## Data excerpts
§
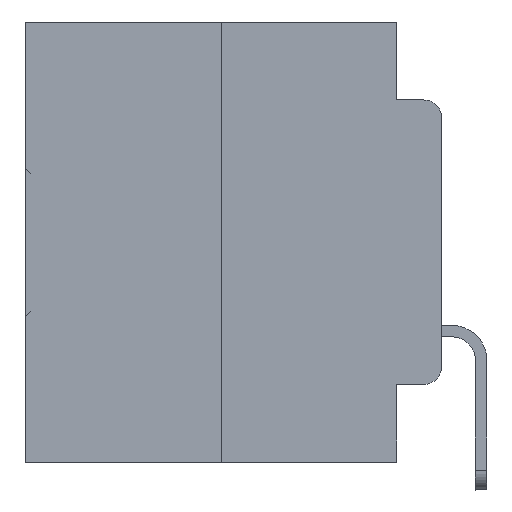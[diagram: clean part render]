
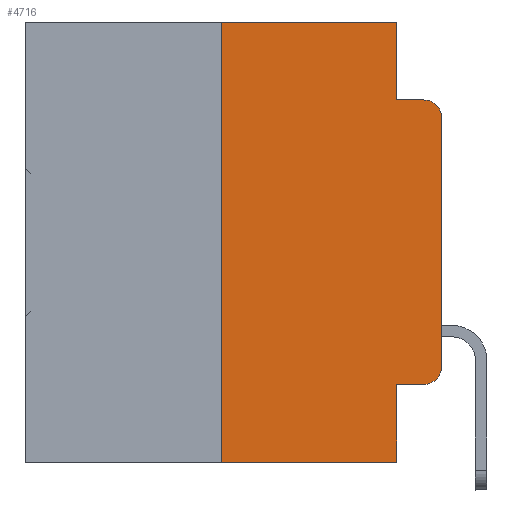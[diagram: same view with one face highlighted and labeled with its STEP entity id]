
A CAD part, left-side view. The second image highlights one B-rep face of the part: STEP entity #4716.
In plain terms, the highlighted planar face has unit normal (-1, 0, 0).
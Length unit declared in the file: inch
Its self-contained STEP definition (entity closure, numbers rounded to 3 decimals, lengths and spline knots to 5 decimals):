
#896 = DIRECTION ( 'NONE',  ( 0., -1., 0. ) ) ;
#1693 = CARTESIAN_POINT ( 'NONE',  ( 0., 0.473, 0. ) ) ;
#1877 = LINE ( 'NONE', #14797, #8365 ) ;
#2330 = EDGE_CURVE ( 'NONE', #16768, #18979, #12696, .T. ) ;
#2547 = VERTEX_POINT ( 'NONE', #24094 ) ;
#2921 = VECTOR ( 'NONE', #10925, 39.37008 ) ;
#3068 = EDGE_CURVE ( 'NONE', #2547, #25923, #27831, .T. ) ;
#3179 = VERTEX_POINT ( 'NONE', #4411 ) ;
#3246 = CARTESIAN_POINT ( 'NONE',  ( 0., 0.25, 0. ) ) ;
#3313 = DIRECTION ( 'NONE',  ( 0., 0., -1. ) ) ;
#3707 = AXIS2_PLACEMENT_3D ( 'NONE', #24052, #21549, #18865 ) ;
#4411 = CARTESIAN_POINT ( 'NONE',  ( 0., 0.25, -0.5 ) ) ;
#4716 = ADVANCED_FACE ( 'NONE', ( #8590 ), #24685, .F. ) ;
#4886 = ORIENTED_EDGE ( 'NONE', *, *, #24956, .T. ) ;
#4985 = CARTESIAN_POINT ( 'NONE',  ( 0., 0.051, -0.4115 ) ) ;
#6449 = CARTESIAN_POINT ( 'NONE',  ( 0., 0.473, -0.5 ) ) ;
#6768 = LINE ( 'NONE', #6449, #12056 ) ;
#8365 = VECTOR ( 'NONE', #9438, 39.37008 ) ;
#8590 = FACE_OUTER_BOUND ( 'NONE', #29840, .T. ) ;
#8810 = CARTESIAN_POINT ( 'NONE',  ( 0., 0.473, 0. ) ) ;
#9438 = DIRECTION ( 'NONE',  ( 0., 0., 1. ) ) ;
#9800 = LINE ( 'NONE', #20047, #27967 ) ;
#10130 = LINE ( 'NONE', #20375, #11619 ) ;
#10863 = CARTESIAN_POINT ( 'NONE',  ( 0., 0.02, -0.3915 ) ) ;
#10925 = DIRECTION ( 'NONE',  ( 0., 0., -1. ) ) ;
#11600 = DIRECTION ( 'NONE',  ( 1., 0., 0. ) ) ;
#11619 = VECTOR ( 'NONE', #30617, 39.37008 ) ;
#11959 = ORIENTED_EDGE ( 'NONE', *, *, #26763, .F. ) ;
#12056 = VECTOR ( 'NONE', #896, 39.37008 ) ;
#12415 = CIRCLE ( 'NONE', #18847, 0.02 ) ;
#12696 = LINE ( 'NONE', #4985, #32686 ) ;
#13400 = ORIENTED_EDGE ( 'NONE', *, *, #23330, .F. ) ;
#13476 = VERTEX_POINT ( 'NONE', #33000 ) ;
#13695 = CARTESIAN_POINT ( 'NONE',  ( 0., 0., -0.3915 ) ) ;
#13783 = LINE ( 'NONE', #31247, #2921 ) ;
#13814 = VECTOR ( 'NONE', #29994, 39.37008 ) ;
#14224 = EDGE_CURVE ( 'NONE', #31245, #25923, #17072, .T. ) ;
#14512 = ORIENTED_EDGE ( 'NONE', *, *, #2330, .T. ) ;
#14700 = CARTESIAN_POINT ( 'NONE',  ( 0., 0.02, -0.0885 ) ) ;
#14797 = CARTESIAN_POINT ( 'NONE',  ( 0., 0.25, 0. ) ) ;
#16768 = VERTEX_POINT ( 'NONE', #29557 ) ;
#16841 = ORIENTED_EDGE ( 'NONE', *, *, #26058, .F. ) ;
#16856 = CARTESIAN_POINT ( 'NONE',  ( 0., 0.051, -0.0885 ) ) ;
#17072 = LINE ( 'NONE', #20094, #13814 ) ;
#17449 = VERTEX_POINT ( 'NONE', #3246 ) ;
#18847 = AXIS2_PLACEMENT_3D ( 'NONE', #10863, #26299, #3313 ) ;
#18865 = DIRECTION ( 'NONE',  ( 0., 0., -1. ) ) ;
#18979 = VERTEX_POINT ( 'NONE', #21060 ) ;
#19806 = EDGE_CURVE ( 'NONE', #18979, #29634, #12415, .T. ) ;
#20047 = CARTESIAN_POINT ( 'NONE',  ( 0., 0., 0. ) ) ;
#20094 = CARTESIAN_POINT ( 'NONE',  ( 0., 0.051, -0.0885 ) ) ;
#20375 = CARTESIAN_POINT ( 'NONE',  ( 0., 0.051, 0. ) ) ;
#20435 = EDGE_CURVE ( 'NONE', #29634, #2547, #9800, .T. ) ;
#20469 = ORIENTED_EDGE ( 'NONE', *, *, #20435, .T. ) ;
#21060 = CARTESIAN_POINT ( 'NONE',  ( 0., 0.02, -0.4115 ) ) ;
#21340 = DIRECTION ( 'NONE',  ( 0., 0., -1. ) ) ;
#21549 = DIRECTION ( 'NONE',  ( -1., 0., 0. ) ) ;
#21579 = ORIENTED_EDGE ( 'NONE', *, *, #3068, .T. ) ;
#21902 = LINE ( 'NONE', #8810, #22851 ) ;
#22851 = VECTOR ( 'NONE', #26764, 39.37008 ) ;
#23330 = EDGE_CURVE ( 'NONE', #16768, #24432, #13783, .T. ) ;
#24052 = CARTESIAN_POINT ( 'NONE',  ( 0., 0.02, -0.1085 ) ) ;
#24094 = CARTESIAN_POINT ( 'NONE',  ( 0., 0., -0.1085 ) ) ;
#24269 = CARTESIAN_POINT ( 'NONE',  ( 0., 0.051, -0.5 ) ) ;
#24432 = VERTEX_POINT ( 'NONE', #24269 ) ;
#24685 = PLANE ( 'NONE',  #28455 ) ;
#24956 = EDGE_CURVE ( 'NONE', #3179, #24432, #6768, .T. ) ;
#25763 = ORIENTED_EDGE ( 'NONE', *, *, #19806, .T. ) ;
#25923 = VERTEX_POINT ( 'NONE', #14700 ) ;
#26058 = EDGE_CURVE ( 'NONE', #3179, #17449, #1877, .T. ) ;
#26299 = DIRECTION ( 'NONE',  ( -1., 0., 0. ) ) ;
#26544 = EDGE_CURVE ( 'NONE', #17449, #13476, #21902, .T. ) ;
#26763 = EDGE_CURVE ( 'NONE', #13476, #31245, #10130, .T. ) ;
#26764 = DIRECTION ( 'NONE',  ( 0., -1., 0. ) ) ;
#27831 = CIRCLE ( 'NONE', #3707, 0.02 ) ;
#27967 = VECTOR ( 'NONE', #30282, 39.37008 ) ;
#28308 = DIRECTION ( 'NONE',  ( 0., -1., 0. ) ) ;
#28455 = AXIS2_PLACEMENT_3D ( 'NONE', #1693, #11600, #21340 ) ;
#29260 = ORIENTED_EDGE ( 'NONE', *, *, #14224, .F. ) ;
#29557 = CARTESIAN_POINT ( 'NONE',  ( 0., 0.051, -0.4115 ) ) ;
#29634 = VERTEX_POINT ( 'NONE', #13695 ) ;
#29840 = EDGE_LOOP ( 'NONE', ( #20469, #21579, #29260, #11959, #31665, #16841, #4886, #13400, #14512, #25763 ) ) ;
#29994 = DIRECTION ( 'NONE',  ( 0., -1., 0. ) ) ;
#30282 = DIRECTION ( 'NONE',  ( 0., 0., 1. ) ) ;
#30617 = DIRECTION ( 'NONE',  ( 0., 0., -1. ) ) ;
#31245 = VERTEX_POINT ( 'NONE', #16856 ) ;
#31247 = CARTESIAN_POINT ( 'NONE',  ( 0., 0.051, 0. ) ) ;
#31665 = ORIENTED_EDGE ( 'NONE', *, *, #26544, .F. ) ;
#32686 = VECTOR ( 'NONE', #28308, 39.37008 ) ;
#33000 = CARTESIAN_POINT ( 'NONE',  ( 0., 0.051, 0. ) ) ;
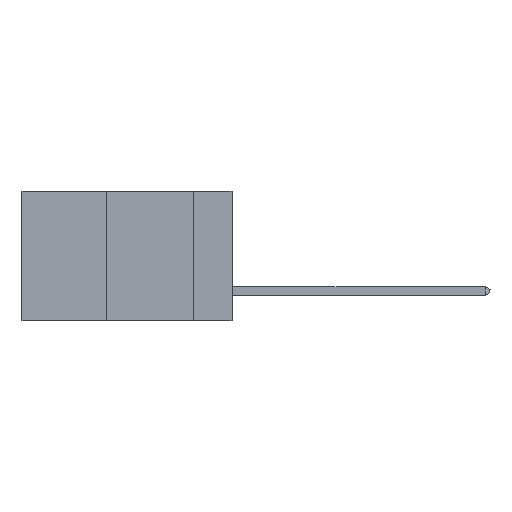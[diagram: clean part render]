
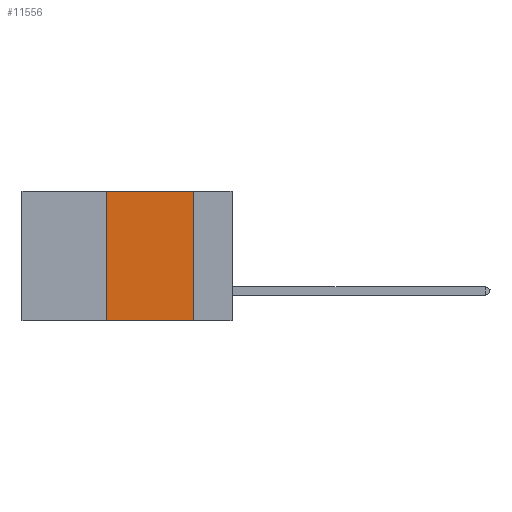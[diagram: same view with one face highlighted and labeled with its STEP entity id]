
A CAD part, left-side view. The second image highlights one B-rep face of the part: STEP entity #11556.
In plain terms, the highlighted planar face has unit normal (-1, 0, 0).
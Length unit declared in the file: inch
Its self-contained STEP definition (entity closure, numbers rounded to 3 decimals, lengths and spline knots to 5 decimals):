
#3973 = EDGE_CURVE ( 'NONE', #37497, #19559, #41538, .T. ) ;
#4755 = LINE ( 'NONE', #30591, #36931 ) ;
#6704 = CARTESIAN_POINT ( 'NONE',  ( 0., 0.6, 0. ) ) ;
#8103 = VECTOR ( 'NONE', #40323, 39.37008 ) ;
#8602 = EDGE_CURVE ( 'NONE', #19559, #45241, #19034, .T. ) ;
#9314 = LINE ( 'NONE', #40012, #8103 ) ;
#11520 = ORIENTED_EDGE ( 'NONE', *, *, #8602, .F. ) ;
#11556 = ADVANCED_FACE ( 'NONE', ( #23353 ), #20856, .F. ) ;
#12749 = CARTESIAN_POINT ( 'NONE',  ( 0., 0.11, 0. ) ) ;
#13433 = EDGE_CURVE ( 'NONE', #28743, #45241, #9314, .T. ) ;
#14247 = DIRECTION ( 'NONE',  ( 0., -1., 0. ) ) ;
#15439 = CARTESIAN_POINT ( 'NONE',  ( 0., 0.36, 0. ) ) ;
#17282 = CARTESIAN_POINT ( 'NONE',  ( 0., 0.11, 0. ) ) ;
#19034 = LINE ( 'NONE', #17282, #47628 ) ;
#19220 = CARTESIAN_POINT ( 'NONE',  ( 0., 0.11, -0.37 ) ) ;
#19559 = VERTEX_POINT ( 'NONE', #12749 ) ;
#20329 = EDGE_CURVE ( 'NONE', #28743, #37497, #4755, .T. ) ;
#20491 = EDGE_LOOP ( 'NONE', ( #11520, #47796, #36344, #45833 ) ) ;
#20856 = PLANE ( 'NONE',  #44784 ) ;
#21020 = DIRECTION ( 'NONE',  ( 0., 0., -1. ) ) ;
#23353 = FACE_OUTER_BOUND ( 'NONE', #20491, .T. ) ;
#28743 = VERTEX_POINT ( 'NONE', #35457 ) ;
#30591 = CARTESIAN_POINT ( 'NONE',  ( 0., 0.36, 0. ) ) ;
#35457 = CARTESIAN_POINT ( 'NONE',  ( 0., 0.36, -0.37 ) ) ;
#36344 = ORIENTED_EDGE ( 'NONE', *, *, #20329, .F. ) ;
#36931 = VECTOR ( 'NONE', #41847, 39.37008 ) ;
#37497 = VERTEX_POINT ( 'NONE', #15439 ) ;
#39814 = DIRECTION ( 'NONE',  ( 1., 0., 0. ) ) ;
#40012 = CARTESIAN_POINT ( 'NONE',  ( 0., 0.6, -0.37 ) ) ;
#40185 = CARTESIAN_POINT ( 'NONE',  ( 0., 0.6, 0. ) ) ;
#40323 = DIRECTION ( 'NONE',  ( 0., -1., 0. ) ) ;
#41538 = LINE ( 'NONE', #40185, #42701 ) ;
#41847 = DIRECTION ( 'NONE',  ( 0., 0., 1. ) ) ;
#42701 = VECTOR ( 'NONE', #14247, 39.37008 ) ;
#43817 = DIRECTION ( 'NONE',  ( 0., 0., -1. ) ) ;
#44784 = AXIS2_PLACEMENT_3D ( 'NONE', #6704, #39814, #43817 ) ;
#45241 = VERTEX_POINT ( 'NONE', #19220 ) ;
#45833 = ORIENTED_EDGE ( 'NONE', *, *, #13433, .T. ) ;
#47628 = VECTOR ( 'NONE', #21020, 39.37008 ) ;
#47796 = ORIENTED_EDGE ( 'NONE', *, *, #3973, .F. ) ;
§
Beginning at the line with "#20435 = EDGE_CURVE" and ending at the line with "#24052 = CARTESIAN_POINT", reproduce each line of the data above exactly, and add no other lines.

#20435 = EDGE_CURVE ( 'NONE', #29634, #2547, #9800, .T. ) ;
#20469 = ORIENTED_EDGE ( 'NONE', *, *, #20435, .T. ) ;
#21060 = CARTESIAN_POINT ( 'NONE',  ( 0., 0.02, -0.4115 ) ) ;
#21340 = DIRECTION ( 'NONE',  ( 0., 0., -1. ) ) ;
#21549 = DIRECTION ( 'NONE',  ( -1., 0., 0. ) ) ;
#21579 = ORIENTED_EDGE ( 'NONE', *, *, #3068, .T. ) ;
#21902 = LINE ( 'NONE', #8810, #22851 ) ;
#22851 = VECTOR ( 'NONE', #26764, 39.37008 ) ;
#23330 = EDGE_CURVE ( 'NONE', #16768, #24432, #13783, .T. ) ;
#24052 = CARTESIAN_POINT ( 'NONE',  ( 0., 0.02, -0.1085 ) ) ;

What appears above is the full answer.